The global tuberculosis (TB) crisis is fueled by several factors, including the alarming rise in drug resistance, reliance on obsolete, harsh drugs that often don’t work, lack of diagnostic tests that are practical for use in low-resource settings, and lackluster political commitment. Doctors Without Borders/Médecins Sans Frontières (MSF) is one of the main non-governmental providers of TB care worldwide, especially for people with drug-resistant TB, and helps lead global efforts to make newer, more effective treatments affordable and available to those who need them.
What causes TB?
TB is caused by bacteria that spread by air when infected people cough or sneeze. It most often affects the lungs but can infect other parts of the body, including the bones and nervous system.
Most people who are exposed to TB never develop symptoms, although they can still harbor the infection in an inactive form. But if the immune system weakens, latent TB bacteria may become active and cause disease. About 10 percent of people with latent TB go on to develop active TB and become contagious at some point in their lives.
Who is most at risk?
Globally, TB crisis has grown dramatically since HIV became a widespread epidemic. That’s because people living with HIV/AIDS have weakened immune systems, which increases their risk of contracting and dying from TB—now the leading cause of death among people with HIV. People with other medical conditions that weaken immunity are also at a higher risk of TB infection and death. Children, the elderly, people from regions with high TB rates, and those living in close quarters like prisons, refugee camps, and crowded slums also face greater risk, as do members of households with someone who has active TB.
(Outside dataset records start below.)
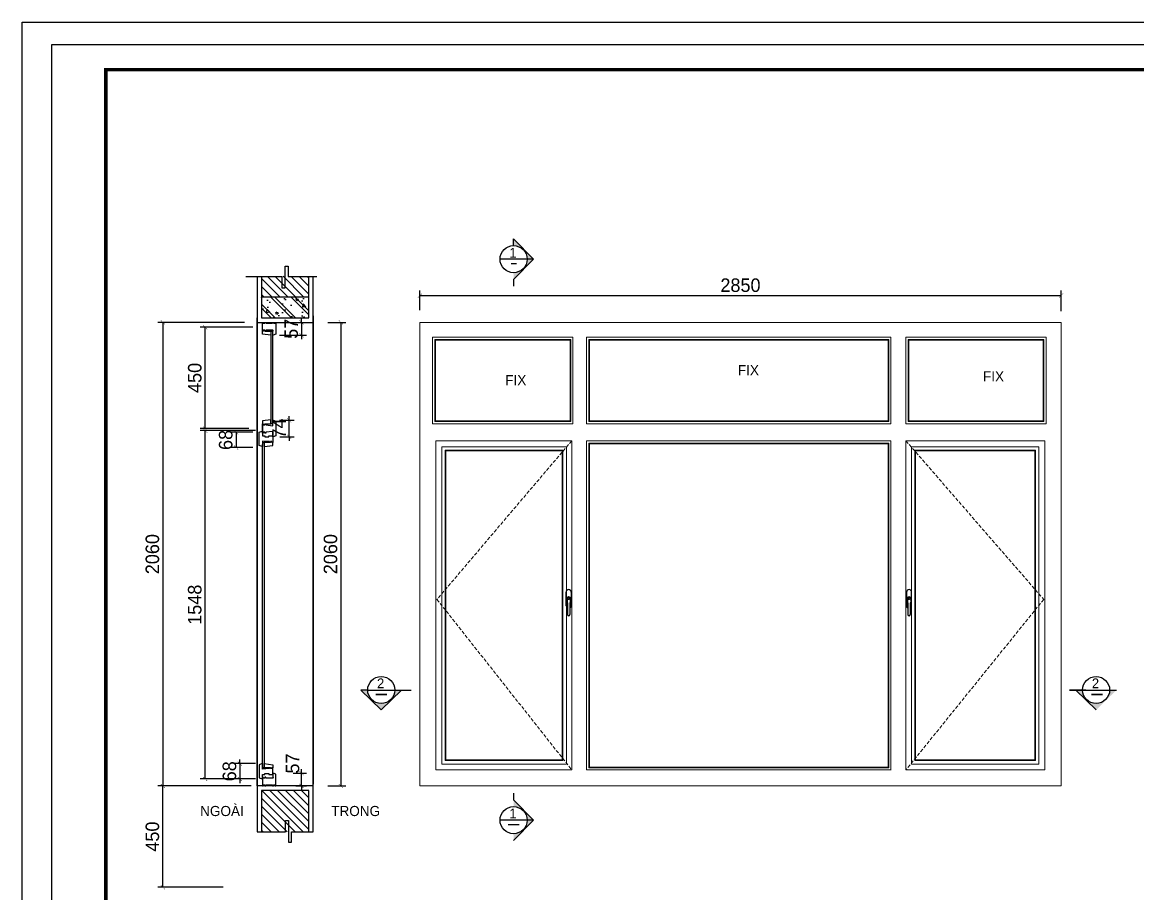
# Model space of a CAD drawing. Header units: millimetres. Extents: x -34806 to 662668, y 63228 to 99452.
# Drawn here: x 611866 to 616823, y 80825 to 84697 of the extents above; entities that cross this region are included whole.
import ezdxf

# ---------------------------------------------------------------- set-up
doc = ezdxf.new("R2010")
doc.units = ezdxf.units.MM
doc.header["$LTSCALE"] = 200
doc.header["$MEASUREMENT"] = 0
doc.header["$PDMODE"] = 3
doc.header["$PDSIZE"] = 50
doc.linetypes.add('DASHED2', pattern=[0.375, 0.25, -0.125])
doc.layers.get('0').update_dxf_attribs({"color": 95, "linetype": 'CONTINUOUS'})
doc.layers.get('DEFPOINTS').update_dxf_attribs({"linetype": 'CONTINUOUS'})
for name, color, linetype, lineweight in [('21', 7, 'CONTINUOUS', 20), ('co', 8, 'DASHED2', 13), ('hacth', 251, 'CONTINUOUS', 13), ('hatch', 251, 'CONTINUOUS', 5), ('kt', 136, 'CONTINUOUS', 25), ('Text - khung ten', 253, 'CONTINUOUS', 13)]:
    doc.layers.add(name, color=color, linetype=linetype, lineweight=lineweight)
for name, color, linetype in [('4', 4, 'CONTINUOUS'), ('8', 1, 'CONTINUOUS'), ('COT', 2, 'CONTINUOUS'), ('DIM', 1, 'CONTINUOUS'), ('KHUNGTEN', 7, 'CONTINUOUS'), ('NETMANH', 127, 'CONTINUOUS'), ('TEXT', 7, 'CONTINUOUS'), ('TPTA-Concrete', 7, 'CONTINUOUS'), ('TUONG', 2, 'CONTINUOUS'), ('wood', 254, 'CONTINUOUS')]:
    doc.layers.add(name, color=color, linetype=linetype)
doc.styles.add('@hai text dim', font='VHAVAN.ttf')
doc.styles.add('VNCC-SIM', font='VHAVAN.ttf', dxfattribs={"width": 0.85})
doc.dimstyles.new('DIM10', dxfattribs={"dimscale": 15, "dimtxt": 4, "dimasz": 1.2, "dimexe": 1.5, "dimexo": 2, "dimgap": 1, "dimtad": 1, "dimdec": 0, "dimzin": 0, "dimdsep": 46, "dimtxsty": '@hai text dim', "dimblk": 'ARCHTICK', "dimcen": 0.09, "dimclrd": 8, "dimclre": 8, "dimclrt": 7, "dimadec": 0, "dimazin": 0, "dimtfac": 0.25, "dimtdec": 0, "dimtix": 1, "dimtmove": 1, "dimatfit": 0, "dimldrblk": 'NONE', "dimfxl": 1, "dimtolj": 1, "dimtzin": 0, "dimlwd": -1, "dimlwe": -1, "dimarcsym": 0})

# ---------------------------------------------------------------- blocks, each defined once
blk = doc.blocks.new('_ArchTick')
at = {"layer": 'DIM', "color": 150}
blk.add_lwpolyline([(0.5, 0.5, 0.133, 0, 0), (0, 0, 0, 0.133, 0), (-0.5, -0.5, 0.133, 0.133, 0)], format="xyseb", dxfattribs=at)
blk = doc.blocks.new('*D1100')
at = {"layer": '8', "color": 8}
for p, q in [((613632.8, 83417.4), (613632.8, 83505.1)), ((613632.8, 83482.6), (616482.4, 83482.6)), ((616482.4, 83414.3), (616482.4, 83505.1))]:
    blk.add_line(p, q, dxfattribs=at)
at = {"layer": 'DEFPOINTS', "color": 0}
for p in [(616482.4, 83482.6), (613632.8, 83387.4), (616482.4, 83384.3)]:
    blk.add_point(p, dxfattribs=at)
at = {"layer": '8', "color": 8, "xscale": 18, "yscale": 18, "zscale": 18, "rotation": 180}
blk.add_blockref('_ArchTick', (613632.8, 83482.6), dxfattribs=at)
at = {"layer": '8', "color": 8, "xscale": 18, "yscale": 18, "zscale": 18}
blk.add_blockref('_ArchTick', (616482.4, 83482.6), dxfattribs=at)
at = {"layer": '8', "color": 7, "insert": (615057.6, 83528.6), "char_height": 60, "attachment_point": 5, "style": '@hai text dim'}
blk.add_mtext('\\A1;2850', dxfattribs=at)
blk = doc.blocks.new('_None')
blk = doc.blocks.new('*D1101')
at = {"layer": '8', "color": 8}
for p, q in [((612758.5, 81304.2), (612467.8, 81304.2)), ((612490.3, 80853.8), (612490.3, 81304.2)), ((612758.5, 80853.8), (612467.8, 80853.8))]:
    blk.add_line(p, q, dxfattribs=at)
at = {"layer": 'DEFPOINTS', "color": 0}
for p in [(612490.3, 81304.2), (612788.5, 81304.2), (612788.5, 80853.8)]:
    blk.add_point(p, dxfattribs=at)
at = {"layer": '8', "color": 8, "xscale": 18, "yscale": 18, "zscale": 18}
for p, rotation in [((612490.3, 81304.2), 90), ((612490.3, 80853.8), 270)]:
    blk.add_blockref('_ArchTick', p, dxfattribs=dict(at, rotation=rotation))
at = {"layer": '8', "color": 7, "insert": (612444.3, 81079), "char_height": 60, "attachment_point": 5, "rotation": 90, "style": '@hai text dim'}
blk.add_mtext('\\A1;450', dxfattribs=at)
blk = doc.blocks.new('*D1110')
at = {"layer": '8', "color": 8}
for p, q in [((613224.2, 83364), (613304.4, 83364)), ((613281.9, 83364), (613281.9, 81304.1)), ((613224.2, 81304.1), (613304.4, 81304.1))]:
    blk.add_line(p, q, dxfattribs=at)
at = {"layer": 'DEFPOINTS', "color": 0}
for p in [(613194.2, 83364), (613194.2, 81304.1), (613281.9, 81304.1)]:
    blk.add_point(p, dxfattribs=at)
at = {"layer": '8', "color": 8, "xscale": 18, "yscale": 18, "zscale": 18}
for p, rotation in [((613281.9, 83364), 90), ((613281.9, 81304.1), 270)]:
    blk.add_blockref('_ArchTick', p, dxfattribs=dict(at, rotation=rotation))
at = {"layer": '8', "color": 7, "insert": (613235.9, 82334.1), "char_height": 60, "attachment_point": 5, "rotation": 90, "style": '@hai text dim'}
blk.add_mtext('\\A1;2060', dxfattribs=at)
blk = doc.blocks.new('*D1111')
at = {"layer": '8', "color": 8}
for p, q in [((612853.1, 83364), (612467.8, 83364)), ((612490.3, 83364), (612490.3, 81304.2)), ((612883.1, 81304.2), (612467.8, 81304.2))]:
    blk.add_line(p, q, dxfattribs=at)
at = {"layer": 'DEFPOINTS', "color": 0}
for p in [(612883.1, 83364), (612490.3, 81304.2), (612913.1, 81304.2)]:
    blk.add_point(p, dxfattribs=at)
at = {"layer": '8', "color": 8, "xscale": 18, "yscale": 18, "zscale": 18}
for p, rotation in [((612490.3, 83364), 90), ((612490.3, 81304.2), 270)]:
    blk.add_blockref('_ArchTick', p, dxfattribs=dict(at, rotation=rotation))
at = {"layer": '8', "color": 7, "insert": (612444.3, 82334.1), "char_height": 60, "attachment_point": 5, "rotation": 90, "style": '@hai text dim'}
blk.add_mtext('\\A1;2060', dxfattribs=at)
blk = doc.blocks.new('*D1276')
at = {"color": 8}
for p, q in [((612902.4, 81403.2), (612810.1, 81403.2)), ((612832.6, 81403.2), (612832.6, 81421.2)), ((612832.6, 81403.2), (612832.6, 81335.2)), ((612901.7, 81335.2), (612810.1, 81335.2)), ((612832.6, 81335.2), (612832.6, 81317.2))]:
    blk.add_line(p, q, dxfattribs=at)
at = {"layer": 'DEFPOINTS', "color": 0}
for p in [(612932.4, 81403.2), (612832.6, 81335.2), (612931.7, 81335.2)]:
    blk.add_point(p, dxfattribs=at)
at = {"color": 8, "xscale": 18, "yscale": 18, "zscale": 18}
for p, rotation in [((612832.6, 81403.2), 270), ((612832.6, 81335.2), 90)]:
    blk.add_blockref('_ArchTick', p, dxfattribs=dict(at, rotation=rotation))
at = {"color": 7, "insert": (612786.6, 81369.2), "char_height": 60, "attachment_point": 5, "rotation": 90, "style": '@hai text dim'}
blk.add_mtext('\\A1;68', dxfattribs=at)
blk = doc.blocks.new('*D1277')
at = {"layer": '8', "color": 8}
for p, q in [((613052.2, 82929), (613052.2, 82947)), ((613009.7, 82929), (613074.7, 82929)), ((613052.2, 82855), (613052.2, 82929)), ((613010.4, 82855), (613074.7, 82855)), ((613052.2, 82855), (613052.2, 82837))]:
    blk.add_line(p, q, dxfattribs=at)
at = {"layer": 'DEFPOINTS', "color": 0}
for p in [(612979.7, 82929), (613052.2, 82929), (612980.4, 82855)]:
    blk.add_point(p, dxfattribs=at)
at = {"layer": '8', "color": 8, "xscale": 18, "yscale": 18, "zscale": 18}
for p, rotation in [((613052.2, 82929), 270), ((613052.2, 82855), 90)]:
    blk.add_blockref('_ArchTick', p, dxfattribs=dict(at, rotation=rotation))
at = {"layer": '8', "color": 7, "insert": (613007.2, 82892), "char_height": 60, "attachment_point": 5, "rotation": 90, "style": '@hai text dim'}
blk.add_mtext('\\A1;74', dxfattribs=at)
blk = doc.blocks.new('*D1112')
at = {"layer": '8', "color": 8}
for p, q in [((612890.4, 82875.5), (612793.6, 82875.5)), ((612816.1, 82875.5), (612816.1, 82807.5)), ((612890.4, 82807.5), (612793.6, 82807.5))]:
    blk.add_line(p, q, dxfattribs=at)
at = {"layer": 'DEFPOINTS', "color": 0}
for p in [(612920.4, 82875.5), (612816.1, 82807.5), (612920.4, 82807.5)]:
    blk.add_point(p, dxfattribs=at)
at = {"layer": '8', "color": 8, "xscale": 18, "yscale": 18, "zscale": 18}
for p, rotation in [((612816.1, 82875.5), 90), ((612816.1, 82807.5), 270)]:
    blk.add_blockref('_ArchTick', p, dxfattribs=dict(at, rotation=rotation))
at = {"layer": '8', "color": 7, "insert": (612770.1, 82841.5), "char_height": 60, "attachment_point": 5, "rotation": 90, "style": '@hai text dim'}
blk.add_mtext('\\A1;68', dxfattribs=at)
blk = doc.blocks.new('*D1113')
at = {"color": 8}
for p, q in [((613069, 81361.2), (613129, 81361.2)), ((613106.5, 81361.2), (613106.5, 81379.2)), ((613106.5, 81304.2), (613106.5, 81361.2)), ((613081.6, 81304.2), (613129, 81304.2)), ((613106.5, 81304.2), (613106.5, 81286.2))]:
    blk.add_line(p, q, dxfattribs=at)
at = {"layer": 'DEFPOINTS', "color": 0}
for p in [(613039, 81361.2), (613106.5, 81361.2), (613051.6, 81304.2)]:
    blk.add_point(p, dxfattribs=at)
at = {"color": 8, "xscale": 18, "yscale": 18, "zscale": 18}
for p, rotation in [((613106.5, 81361.2), 270), ((613106.5, 81304.2), 90)]:
    blk.add_blockref('_ArchTick', p, dxfattribs=dict(at, rotation=rotation))
at = {"color": 7, "insert": (613067, 81403.8), "char_height": 60, "attachment_point": 5, "rotation": 90, "style": '@hai text dim'}
blk.add_mtext('\\A1;57', dxfattribs=at)
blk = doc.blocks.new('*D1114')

What are the symptoms of TB?
Many people infected with TB are asymptomatic but can develop an active infection if their immune system becomes weak. Symptoms, which may be mild at first, most often include a prolonged cough and fever. Weakness, chest pain, night sweats, weight loss, and shortness of breath are also common. While lungs are the most common site of infection, TB can affect almost any other body part or organ.
How is TB prevented?
Since TB is airborne it can be easily transmitted in crowded settings, from cramped households and workplaces to health care facilities. For example, people sharing a home with someone who has active TB are at increased risk of developing either a latent (asymptomatic) or an active infection. In these households, sleeping in separate rooms, wearing surgical masks, and using proper cough and respiratory hygiene can limit transmission. Children in these homes, especially those under five years old, are particularly vulnerable. Within health clinics, rapidly attending to patients with TB symptoms and starting treatment quickly for those with active infections lowers the chance they will pass it on to others. Proper ventilation systems within hospitals and the use of face masks that filter out particles in the air can also reduce TB spread.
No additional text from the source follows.